The few posts I found on the topic were different models than mine and seemed more about how to turn the thing off than why it turned on. Anyone care to hazzard a guess what would cause this light to come on momentarily?
The car has a few idiot lights like this, elec, batt, brake, and I think oil. So I assume it isn't one of the functions this light monitors. This car is a daily driver I depend on and I'm wondering if it is going to strand me!

All Help Much Appreciated,

Russellc


----------



## jingjing (Apr 29, 2002)

check the codes from the ecu


----------



## Russellc (Jun 20, 2002)

jingjing said:


> check the codes from the ecu


Should the dealer do this, or some place like autozone able to do this?

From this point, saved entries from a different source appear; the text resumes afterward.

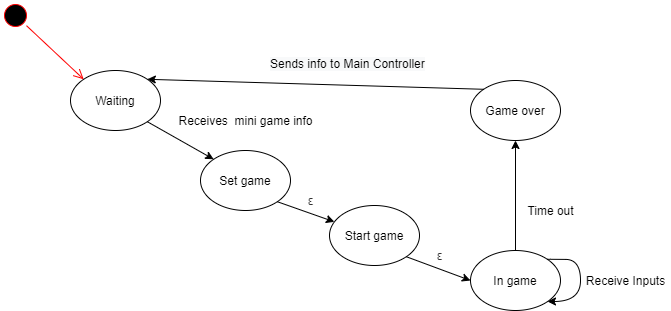

The diagram above was exported from draw.io. Its source (the exported page's mxGraphModel, read from the mxfile embedded in the PNG):
<mxGraphModel dx="1020" dy="784" grid="1" gridSize="10" guides="1" tooltips="1" connect="1" arrows="1" fold="1" page="1" pageScale="1" pageWidth="827" pageHeight="1169" math="0" shadow="0">
  <root>
    <mxCell id="0" />
    <mxCell id="1" parent="0" />
    <mxCell id="w-DWT6VpoOr83cNKVcXA-1" value="" style="ellipse;html=1;shape=startState;fillColor=#000000;strokeColor=#ff0000;" vertex="1" parent="1">
      <mxGeometry x="40" y="320" width="30" height="30" as="geometry" />
    </mxCell>
    <mxCell id="w-DWT6VpoOr83cNKVcXA-2" value="" style="html=1;verticalAlign=bottom;endArrow=open;endSize=8;strokeColor=#ff0000;entryX=0;entryY=0;entryDx=0;entryDy=0;" edge="1" source="w-DWT6VpoOr83cNKVcXA-1" parent="1" target="w-DWT6VpoOr83cNKVcXA-4">
      <mxGeometry relative="1" as="geometry">
        <mxPoint x="320" y="370" as="targetPoint" />
      </mxGeometry>
    </mxCell>
    <mxCell id="w-DWT6VpoOr83cNKVcXA-7" style="rounded=0;orthogonalLoop=1;jettySize=auto;html=1;exitX=1;exitY=1;exitDx=0;exitDy=0;entryX=0;entryY=0;entryDx=0;entryDy=0;" edge="1" parent="1" source="w-DWT6VpoOr83cNKVcXA-4" target="w-DWT6VpoOr83cNKVcXA-5">
      <mxGeometry relative="1" as="geometry" />
    </mxCell>
    <mxCell id="w-DWT6VpoOr83cNKVcXA-4" value="Waiting" style="ellipse;whiteSpace=wrap;html=1;" vertex="1" parent="1">
      <mxGeometry x="110" y="390" width="90" height="60" as="geometry" />
    </mxCell>
    <mxCell id="w-DWT6VpoOr83cNKVcXA-10" style="edgeStyle=none;rounded=0;orthogonalLoop=1;jettySize=auto;html=1;exitX=1;exitY=1;exitDx=0;exitDy=0;" edge="1" parent="1" source="w-DWT6VpoOr83cNKVcXA-5" target="w-DWT6VpoOr83cNKVcXA-6">
      <mxGeometry relative="1" as="geometry" />
    </mxCell>
    <mxCell id="w-DWT6VpoOr83cNKVcXA-5" value="Set game" style="ellipse;whiteSpace=wrap;html=1;" vertex="1" parent="1">
      <mxGeometry x="240" y="470" width="90" height="60" as="geometry" />
    </mxCell>
    <mxCell id="w-DWT6VpoOr83cNKVcXA-24" style="edgeStyle=none;rounded=0;orthogonalLoop=1;jettySize=auto;html=1;exitX=1;exitY=1;exitDx=0;exitDy=0;entryX=0;entryY=0.5;entryDx=0;entryDy=0;" edge="1" parent="1" source="w-DWT6VpoOr83cNKVcXA-6" target="w-DWT6VpoOr83cNKVcXA-23">
      <mxGeometry relative="1" as="geometry" />
    </mxCell>
    <mxCell id="w-DWT6VpoOr83cNKVcXA-6" value="Start game" style="ellipse;whiteSpace=wrap;html=1;" vertex="1" parent="1">
      <mxGeometry x="369" y="525" width="90" height="60" as="geometry" />
    </mxCell>
    <mxCell id="w-DWT6VpoOr83cNKVcXA-8" value="Receives&amp;nbsp; mini game info" style="text;html=1;align=center;verticalAlign=middle;resizable=0;points=[];autosize=1;" vertex="1" parent="1">
      <mxGeometry x="210" y="430" width="150" height="20" as="geometry" />
    </mxCell>
    <mxCell id="w-DWT6VpoOr83cNKVcXA-11" value="&lt;span style=&quot;color: rgb(51 , 51 , 51) ; font-family: &amp;#34;arial&amp;#34; , , sans-serif ; background-color: rgb(255 , 255 , 255)&quot;&gt;ε&lt;/span&gt;" style="text;html=1;align=center;verticalAlign=middle;resizable=0;points=[];autosize=1;" vertex="1" parent="1">
      <mxGeometry x="340" y="510" width="20" height="20" as="geometry" />
    </mxCell>
    <mxCell id="w-DWT6VpoOr83cNKVcXA-12" value="Game over" style="ellipse;whiteSpace=wrap;html=1;" vertex="1" parent="1">
      <mxGeometry x="510" y="400" width="90" height="60" as="geometry" />
    </mxCell>
    <mxCell id="w-DWT6VpoOr83cNKVcXA-19" style="edgeStyle=none;rounded=0;orthogonalLoop=1;jettySize=auto;html=1;exitX=0;exitY=0;exitDx=0;exitDy=0;entryX=1;entryY=0;entryDx=0;entryDy=0;" edge="1" parent="1" source="w-DWT6VpoOr83cNKVcXA-12" target="w-DWT6VpoOr83cNKVcXA-4">
      <mxGeometry relative="1" as="geometry">
        <mxPoint x="399" y="380" as="sourcePoint" />
      </mxGeometry>
    </mxCell>
    <mxCell id="w-DWT6VpoOr83cNKVcXA-17" value="Time out" style="text;html=1;align=center;verticalAlign=middle;resizable=0;points=[];autosize=1;" vertex="1" parent="1">
      <mxGeometry x="560" y="520" width="60" height="20" as="geometry" />
    </mxCell>
    <mxCell id="w-DWT6VpoOr83cNKVcXA-26" style="edgeStyle=none;rounded=0;orthogonalLoop=1;jettySize=auto;html=1;exitX=0.5;exitY=0;exitDx=0;exitDy=0;entryX=0.5;entryY=1;entryDx=0;entryDy=0;" edge="1" parent="1" source="w-DWT6VpoOr83cNKVcXA-23" target="w-DWT6VpoOr83cNKVcXA-12">
      <mxGeometry relative="1" as="geometry" />
    </mxCell>
    <mxCell id="w-DWT6VpoOr83cNKVcXA-23" value="In game" style="ellipse;whiteSpace=wrap;html=1;" vertex="1" parent="1">
      <mxGeometry x="510" y="570" width="90" height="60" as="geometry" />
    </mxCell>
    <mxCell id="w-DWT6VpoOr83cNKVcXA-25" value="&lt;span style=&quot;color: rgb(51 , 51 , 51) ; font-family: &amp;#34;arial&amp;#34; , , sans-serif ; background-color: rgb(255 , 255 , 255)&quot;&gt;ε&lt;/span&gt;" style="text;html=1;align=center;verticalAlign=middle;resizable=0;points=[];autosize=1;" vertex="1" parent="1">
      <mxGeometry x="469" y="565" width="20" height="20" as="geometry" />
    </mxCell>
    <mxCell id="w-DWT6VpoOr83cNKVcXA-27" style="edgeStyle=orthogonalEdgeStyle;rounded=0;orthogonalLoop=1;jettySize=auto;html=1;exitX=1;exitY=0;exitDx=0;exitDy=0;curved=1;" edge="1" parent="1" source="w-DWT6VpoOr83cNKVcXA-23">
      <mxGeometry relative="1" as="geometry">
        <mxPoint x="587" y="621" as="targetPoint" />
        <Array as="points">
          <mxPoint x="590" y="579" />
          <mxPoint x="620" y="579" />
          <mxPoint x="620" y="621" />
        </Array>
      </mxGeometry>
    </mxCell>
    <mxCell id="w-DWT6VpoOr83cNKVcXA-28" value="Receive Inputs" style="text;html=1;align=center;verticalAlign=middle;resizable=0;points=[];autosize=1;" vertex="1" parent="1">
      <mxGeometry x="620" y="590" width="90" height="20" as="geometry" />
    </mxCell>
    <mxCell id="w-DWT6VpoOr83cNKVcXA-29" value="&lt;span style=&quot;color: rgb(0, 0, 0); font-family: helvetica; font-size: 12px; font-style: normal; font-weight: 400; letter-spacing: normal; text-align: center; text-indent: 0px; text-transform: none; word-spacing: 0px; background-color: rgb(248, 249, 250); display: inline; float: none;&quot;&gt;Sends info to Main Controller&lt;/span&gt;" style="text;whiteSpace=wrap;html=1;" vertex="1" parent="1">
      <mxGeometry x="308" y="370" width="161" height="30" as="geometry" />
    </mxCell>
  </root>
</mxGraphModel>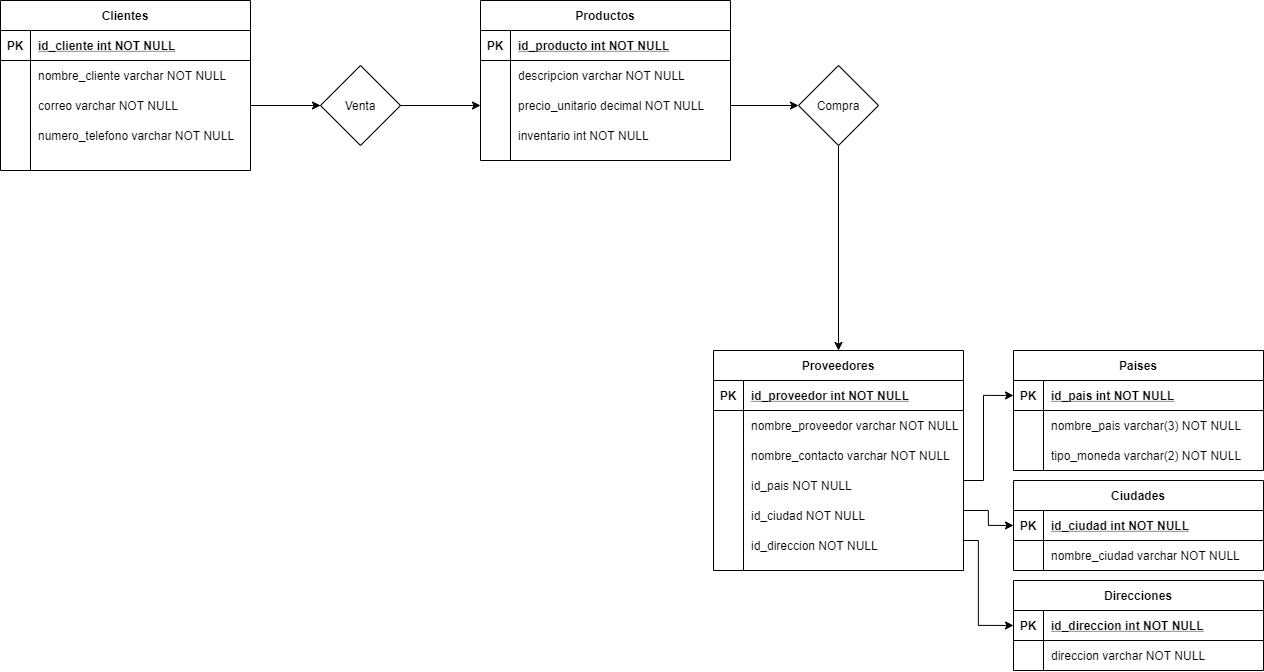

The diagram above was exported from draw.io. Its source (the exported page's mxGraphModel, read from the mxfile embedded in the PNG):
<mxGraphModel dx="2591" dy="1486" grid="1" gridSize="10" guides="1" tooltips="1" connect="1" arrows="1" fold="1" page="1" pageScale="1" pageWidth="850" pageHeight="1100" math="0" shadow="0" extFonts="Permanent Marker^https://fonts.googleapis.com/css?family=Permanent+Marker">
  <root>
    <mxCell id="0" />
    <mxCell id="1" parent="0" />
    <mxCell id="j1hkjRLKMp85_sPKMtzT-56" style="edgeStyle=orthogonalEdgeStyle;rounded=0;orthogonalLoop=1;jettySize=auto;html=1;entryX=0;entryY=0.5;entryDx=0;entryDy=0;" edge="1" parent="1" source="j1hkjRLKMp85_sPKMtzT-1" target="j1hkjRLKMp85_sPKMtzT-38">
      <mxGeometry relative="1" as="geometry">
        <Array as="points">
          <mxPoint x="1198" y="700" />
          <mxPoint x="1198" y="715" />
        </Array>
      </mxGeometry>
    </mxCell>
    <mxCell id="j1hkjRLKMp85_sPKMtzT-31" value="" style="shape=partialRectangle;overflow=hidden;connectable=0;fillColor=none;top=0;left=0;bottom=0;right=0;" vertex="1" parent="1">
      <mxGeometry x="923" y="660" width="30" height="30" as="geometry" />
    </mxCell>
    <mxCell id="j1hkjRLKMp85_sPKMtzT-32" value="id_pais NOT NULL" style="shape=partialRectangle;overflow=hidden;connectable=0;fillColor=none;top=0;left=0;bottom=0;right=0;align=left;spacingLeft=6;" vertex="1" parent="1">
      <mxGeometry x="953" y="660" width="220" height="30" as="geometry" />
    </mxCell>
    <mxCell id="j1hkjRLKMp85_sPKMtzT-33" value="id_ciudad NOT NULL" style="shape=partialRectangle;overflow=hidden;connectable=0;fillColor=none;top=0;left=0;bottom=0;right=0;align=left;spacingLeft=6;" vertex="1" parent="1">
      <mxGeometry x="953" y="690" width="220" height="30" as="geometry" />
    </mxCell>
    <mxCell id="j1hkjRLKMp85_sPKMtzT-35" value="id_direccion NOT NULL" style="shape=partialRectangle;overflow=hidden;connectable=0;fillColor=none;top=0;left=0;bottom=0;right=0;align=left;spacingLeft=6;" vertex="1" parent="1">
      <mxGeometry x="953" y="720" width="220" height="30" as="geometry" />
    </mxCell>
    <mxCell id="j1hkjRLKMp85_sPKMtzT-54" style="edgeStyle=orthogonalEdgeStyle;rounded=0;orthogonalLoop=1;jettySize=auto;html=1;entryX=0;entryY=0.5;entryDx=0;entryDy=0;" edge="1" parent="1" target="j1hkjRLKMp85_sPKMtzT-22">
      <mxGeometry relative="1" as="geometry">
        <mxPoint x="1173" y="670" as="sourcePoint" />
        <Array as="points">
          <mxPoint x="1193" y="670" />
          <mxPoint x="1193" y="585" />
        </Array>
      </mxGeometry>
    </mxCell>
    <mxCell id="j1hkjRLKMp85_sPKMtzT-57" style="edgeStyle=orthogonalEdgeStyle;rounded=0;orthogonalLoop=1;jettySize=auto;html=1;entryX=0;entryY=0.5;entryDx=0;entryDy=0;" edge="1" parent="1" target="j1hkjRLKMp85_sPKMtzT-48">
      <mxGeometry relative="1" as="geometry">
        <mxPoint x="1213" y="780" as="targetPoint" />
        <mxPoint x="1173" y="730" as="sourcePoint" />
        <Array as="points">
          <mxPoint x="1188" y="730" />
          <mxPoint x="1188" y="815" />
        </Array>
      </mxGeometry>
    </mxCell>
    <mxCell id="j1hkjRLKMp85_sPKMtzT-77" style="edgeStyle=none;rounded=0;orthogonalLoop=1;jettySize=auto;html=1;" edge="1" parent="1" source="j1hkjRLKMp85_sPKMtzT-58" target="j1hkjRLKMp85_sPKMtzT-1">
      <mxGeometry relative="1" as="geometry" />
    </mxCell>
    <mxCell id="j1hkjRLKMp85_sPKMtzT-58" value="Compra" style="rhombus;whiteSpace=wrap;html=1;" vertex="1" parent="1">
      <mxGeometry x="1008" y="255" width="80" height="80" as="geometry" />
    </mxCell>
    <mxCell id="j1hkjRLKMp85_sPKMtzT-85" style="edgeStyle=none;rounded=0;orthogonalLoop=1;jettySize=auto;html=1;exitX=0;exitY=0.5;exitDx=0;exitDy=0;" edge="1" parent="1" source="j1hkjRLKMp85_sPKMtzT-59" target="j1hkjRLKMp85_sPKMtzT-59">
      <mxGeometry relative="1" as="geometry">
        <Array as="points">
          <mxPoint x="460" y="295" />
        </Array>
      </mxGeometry>
    </mxCell>
    <mxCell id="j1hkjRLKMp85_sPKMtzT-59" value="Venta" style="rhombus;whiteSpace=wrap;html=1;" vertex="1" parent="1">
      <mxGeometry x="530" y="255" width="80" height="80" as="geometry" />
    </mxCell>
    <mxCell id="j1hkjRLKMp85_sPKMtzT-76" style="edgeStyle=none;rounded=0;orthogonalLoop=1;jettySize=auto;html=1;exitX=1;exitY=0.5;exitDx=0;exitDy=0;" edge="1" parent="1" source="j1hkjRLKMp85_sPKMtzT-67" target="j1hkjRLKMp85_sPKMtzT-58">
      <mxGeometry relative="1" as="geometry" />
    </mxCell>
    <mxCell id="j1hkjRLKMp85_sPKMtzT-78" style="edgeStyle=none;rounded=0;orthogonalLoop=1;jettySize=auto;html=1;exitX=1;exitY=0.5;exitDx=0;exitDy=0;entryX=0;entryY=0.5;entryDx=0;entryDy=0;" edge="1" parent="1" target="j1hkjRLKMp85_sPKMtzT-67">
      <mxGeometry relative="1" as="geometry">
        <mxPoint x="610" y="295" as="sourcePoint" />
      </mxGeometry>
    </mxCell>
    <mxCell id="j1hkjRLKMp85_sPKMtzT-1" value="Proveedores" style="shape=table;startSize=30;container=1;collapsible=1;childLayout=tableLayout;fixedRows=1;rowLines=0;fontStyle=1;align=center;resizeLast=1;" vertex="1" parent="1">
      <mxGeometry x="923" y="540" width="250" height="220" as="geometry" />
    </mxCell>
    <mxCell id="j1hkjRLKMp85_sPKMtzT-2" value="" style="shape=partialRectangle;collapsible=0;dropTarget=0;pointerEvents=0;fillColor=none;points=[[0,0.5],[1,0.5]];portConstraint=eastwest;top=0;left=0;right=0;bottom=1;" vertex="1" parent="j1hkjRLKMp85_sPKMtzT-1">
      <mxGeometry y="30" width="250" height="30" as="geometry" />
    </mxCell>
    <mxCell id="j1hkjRLKMp85_sPKMtzT-3" value="PK" style="shape=partialRectangle;overflow=hidden;connectable=0;fillColor=none;top=0;left=0;bottom=0;right=0;fontStyle=1;" vertex="1" parent="j1hkjRLKMp85_sPKMtzT-2">
      <mxGeometry width="30" height="30" as="geometry" />
    </mxCell>
    <mxCell id="j1hkjRLKMp85_sPKMtzT-4" value="id_proveedor int NOT NULL " style="shape=partialRectangle;overflow=hidden;connectable=0;fillColor=none;top=0;left=0;bottom=0;right=0;align=left;spacingLeft=6;fontStyle=5;" vertex="1" parent="j1hkjRLKMp85_sPKMtzT-2">
      <mxGeometry x="30" width="220" height="30" as="geometry" />
    </mxCell>
    <mxCell id="j1hkjRLKMp85_sPKMtzT-5" value="" style="shape=partialRectangle;collapsible=0;dropTarget=0;pointerEvents=0;fillColor=none;points=[[0,0.5],[1,0.5]];portConstraint=eastwest;top=0;left=0;right=0;bottom=0;" vertex="1" parent="j1hkjRLKMp85_sPKMtzT-1">
      <mxGeometry y="60" width="250" height="30" as="geometry" />
    </mxCell>
    <mxCell id="j1hkjRLKMp85_sPKMtzT-6" value="" style="shape=partialRectangle;overflow=hidden;connectable=0;fillColor=none;top=0;left=0;bottom=0;right=0;" vertex="1" parent="j1hkjRLKMp85_sPKMtzT-5">
      <mxGeometry width="30" height="30" as="geometry" />
    </mxCell>
    <mxCell id="j1hkjRLKMp85_sPKMtzT-7" value="nombre_proveedor varchar NOT NULL" style="shape=partialRectangle;overflow=hidden;connectable=0;fillColor=none;top=0;left=0;bottom=0;right=0;align=left;spacingLeft=6;" vertex="1" parent="j1hkjRLKMp85_sPKMtzT-5">
      <mxGeometry x="30" width="220" height="30" as="geometry" />
    </mxCell>
    <mxCell id="j1hkjRLKMp85_sPKMtzT-8" value="" style="shape=partialRectangle;collapsible=0;dropTarget=0;pointerEvents=0;fillColor=none;points=[[0,0.5],[1,0.5]];portConstraint=eastwest;top=0;left=0;right=0;bottom=0;" vertex="1" parent="j1hkjRLKMp85_sPKMtzT-1">
      <mxGeometry y="90" width="250" height="30" as="geometry" />
    </mxCell>
    <mxCell id="j1hkjRLKMp85_sPKMtzT-9" value="" style="shape=partialRectangle;overflow=hidden;connectable=0;fillColor=none;top=0;left=0;bottom=0;right=0;" vertex="1" parent="j1hkjRLKMp85_sPKMtzT-8">
      <mxGeometry width="30" height="30" as="geometry" />
    </mxCell>
    <mxCell id="j1hkjRLKMp85_sPKMtzT-10" value="nombre_contacto varchar NOT NULL" style="shape=partialRectangle;overflow=hidden;connectable=0;fillColor=none;top=0;left=0;bottom=0;right=0;align=left;spacingLeft=6;" vertex="1" parent="j1hkjRLKMp85_sPKMtzT-8">
      <mxGeometry x="30" width="220" height="30" as="geometry" />
    </mxCell>
    <mxCell id="j1hkjRLKMp85_sPKMtzT-21" value="Paises" style="shape=table;startSize=30;container=1;collapsible=1;childLayout=tableLayout;fixedRows=1;rowLines=0;fontStyle=1;align=center;resizeLast=1;" vertex="1" parent="1">
      <mxGeometry x="1223" y="540" width="250" height="120" as="geometry" />
    </mxCell>
    <mxCell id="j1hkjRLKMp85_sPKMtzT-22" value="" style="shape=partialRectangle;collapsible=0;dropTarget=0;pointerEvents=0;fillColor=none;points=[[0,0.5],[1,0.5]];portConstraint=eastwest;top=0;left=0;right=0;bottom=1;" vertex="1" parent="j1hkjRLKMp85_sPKMtzT-21">
      <mxGeometry y="30" width="250" height="30" as="geometry" />
    </mxCell>
    <mxCell id="j1hkjRLKMp85_sPKMtzT-23" value="PK" style="shape=partialRectangle;overflow=hidden;connectable=0;fillColor=none;top=0;left=0;bottom=0;right=0;fontStyle=1;" vertex="1" parent="j1hkjRLKMp85_sPKMtzT-22">
      <mxGeometry width="30" height="30" as="geometry" />
    </mxCell>
    <mxCell id="j1hkjRLKMp85_sPKMtzT-24" value="id_pais int NOT NULL " style="shape=partialRectangle;overflow=hidden;connectable=0;fillColor=none;top=0;left=0;bottom=0;right=0;align=left;spacingLeft=6;fontStyle=5;" vertex="1" parent="j1hkjRLKMp85_sPKMtzT-22">
      <mxGeometry x="30" width="220" height="30" as="geometry" />
    </mxCell>
    <mxCell id="j1hkjRLKMp85_sPKMtzT-25" value="" style="shape=partialRectangle;collapsible=0;dropTarget=0;pointerEvents=0;fillColor=none;points=[[0,0.5],[1,0.5]];portConstraint=eastwest;top=0;left=0;right=0;bottom=0;" vertex="1" parent="j1hkjRLKMp85_sPKMtzT-21">
      <mxGeometry y="60" width="250" height="30" as="geometry" />
    </mxCell>
    <mxCell id="j1hkjRLKMp85_sPKMtzT-26" value="" style="shape=partialRectangle;overflow=hidden;connectable=0;fillColor=none;top=0;left=0;bottom=0;right=0;" vertex="1" parent="j1hkjRLKMp85_sPKMtzT-25">
      <mxGeometry width="30" height="30" as="geometry" />
    </mxCell>
    <mxCell id="j1hkjRLKMp85_sPKMtzT-27" value="nombre_pais varchar(3) NOT NULL" style="shape=partialRectangle;overflow=hidden;connectable=0;fillColor=none;top=0;left=0;bottom=0;right=0;align=left;spacingLeft=6;" vertex="1" parent="j1hkjRLKMp85_sPKMtzT-25">
      <mxGeometry x="30" width="220" height="30" as="geometry" />
    </mxCell>
    <mxCell id="j1hkjRLKMp85_sPKMtzT-28" value="" style="shape=partialRectangle;collapsible=0;dropTarget=0;pointerEvents=0;fillColor=none;points=[[0,0.5],[1,0.5]];portConstraint=eastwest;top=0;left=0;right=0;bottom=0;" vertex="1" parent="j1hkjRLKMp85_sPKMtzT-21">
      <mxGeometry y="90" width="250" height="30" as="geometry" />
    </mxCell>
    <mxCell id="j1hkjRLKMp85_sPKMtzT-29" value="" style="shape=partialRectangle;overflow=hidden;connectable=0;fillColor=none;top=0;left=0;bottom=0;right=0;" vertex="1" parent="j1hkjRLKMp85_sPKMtzT-28">
      <mxGeometry width="30" height="30" as="geometry" />
    </mxCell>
    <mxCell id="j1hkjRLKMp85_sPKMtzT-30" value="tipo_moneda varchar(2) NOT NULL" style="shape=partialRectangle;overflow=hidden;connectable=0;fillColor=none;top=0;left=0;bottom=0;right=0;align=left;spacingLeft=6;" vertex="1" parent="j1hkjRLKMp85_sPKMtzT-28">
      <mxGeometry x="30" width="220" height="30" as="geometry" />
    </mxCell>
    <mxCell id="j1hkjRLKMp85_sPKMtzT-37" value="Ciudades" style="shape=table;startSize=30;container=1;collapsible=1;childLayout=tableLayout;fixedRows=1;rowLines=0;fontStyle=1;align=center;resizeLast=1;" vertex="1" parent="1">
      <mxGeometry x="1223" y="670" width="250" height="90" as="geometry" />
    </mxCell>
    <mxCell id="j1hkjRLKMp85_sPKMtzT-38" value="" style="shape=partialRectangle;collapsible=0;dropTarget=0;pointerEvents=0;fillColor=none;points=[[0,0.5],[1,0.5]];portConstraint=eastwest;top=0;left=0;right=0;bottom=1;" vertex="1" parent="j1hkjRLKMp85_sPKMtzT-37">
      <mxGeometry y="30" width="250" height="30" as="geometry" />
    </mxCell>
    <mxCell id="j1hkjRLKMp85_sPKMtzT-39" value="PK" style="shape=partialRectangle;overflow=hidden;connectable=0;fillColor=none;top=0;left=0;bottom=0;right=0;fontStyle=1;" vertex="1" parent="j1hkjRLKMp85_sPKMtzT-38">
      <mxGeometry width="30" height="30" as="geometry" />
    </mxCell>
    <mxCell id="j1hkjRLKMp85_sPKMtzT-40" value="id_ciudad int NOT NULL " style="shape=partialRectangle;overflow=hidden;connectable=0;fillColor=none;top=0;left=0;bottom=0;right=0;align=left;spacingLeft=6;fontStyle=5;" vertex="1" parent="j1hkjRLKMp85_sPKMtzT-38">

I've never fooled with the computer before, is this something I need a tool of some sort , or is it even possible to do your self?

thanks, Russellc


----------



## Russellc (Jun 20, 2002)

jingjing said:


> check the codes from the ecu


Looking around this forum, I have found some tallking about checking their own codes. Is there a site with the info on my particular ecu, do I need a owner's 
manual on it ?

thanks,
russellc


----------



## Aequitas (May 29, 2004)

Russellc said:


> Looking around this forum, I have found some tallking about checking their own codes. Is there a site with the info on my particular ecu, do I need a owner's
> manual on it ?
> 
> thanks,
> russellc


mine comes on all the time now, and i dont even bother to check. Always says something to do with the EGR. Hey my car passed smog, i dont care


----------



## Russellc (Jun 20, 2002)

Aequitas said:


> mine comes on all the time now, and i dont even bother to check. Always says something to do with the EGR. Hey my car passed smog, i dont care


Kind of what I thought. Car runs fine. only came on for a few seconds. I found a list of codes on another site, looks like the worst of them is when the computer itself shoots craps... Thanks for the input.

Russellc


----------



## NismoSentra13 (Mar 3, 2004)

Russellc said:


> Should the dealer do this, or some place like autozone able to do this?
> 
> I've never fooled with the computer before, is this something I need a tool of some sort , or is it even possible to do your self?
> 
> thanks, Russellc


Autozone is able to check codes. I go there if i have a problem but luckily i dont have my engine light flashing.


----------



## BBB_Diesel (Jul 6, 2004)

hi,
i don't think autozone can check the codes on OBDI cars, only OBDII. i had the same problem on my 94 sentra one time (light came on for a few seconds then went out, no drivability problems), turned out it was a broken vaccum hose right under the BPT valve. i checked the codes (u have to remove a panel of the center console next to the gas pedal to get the ECU and read the codes) and it was code ? (forgot which one), but it was EGR function error code. i am not saying u have the exact same problem, but if u don't want to read the codes yourself you might just want to check your vacuum lines and make sure they're all in good condition, but i would still check the codes and definiatly erase the codes after you fix the problem.


----------



## Russellc (Jun 20, 2002)

You may have hit on something there. Not to long before all this happened, I had had a clutch replaced and all the engine seals replaced while apart, along with other things. Then a few days later I was on it pretty hard to get thru a light and when I lifted off the throttle it stalled. In fact, would not stay running unless I kept the throttle on a little. When I got home a look around revealed they had forgotten to reattach the band that holds the smaller rubber tube (that comes off the larger rubber tube that attaches to the throttle body) to the metal fixture/tube piece. Aparently, it had just been setting in the end of the tube, without being tightened. When I jumped on it I guess the engine shifting around threw it out, causing the stalling. Reattachment of course cured the problem. It was somewhere around this time that the light came on. It was only on a couple of seconds, then went off. It has not happened since and I have had no problem, but will probably have the codes read.

Russellc


----------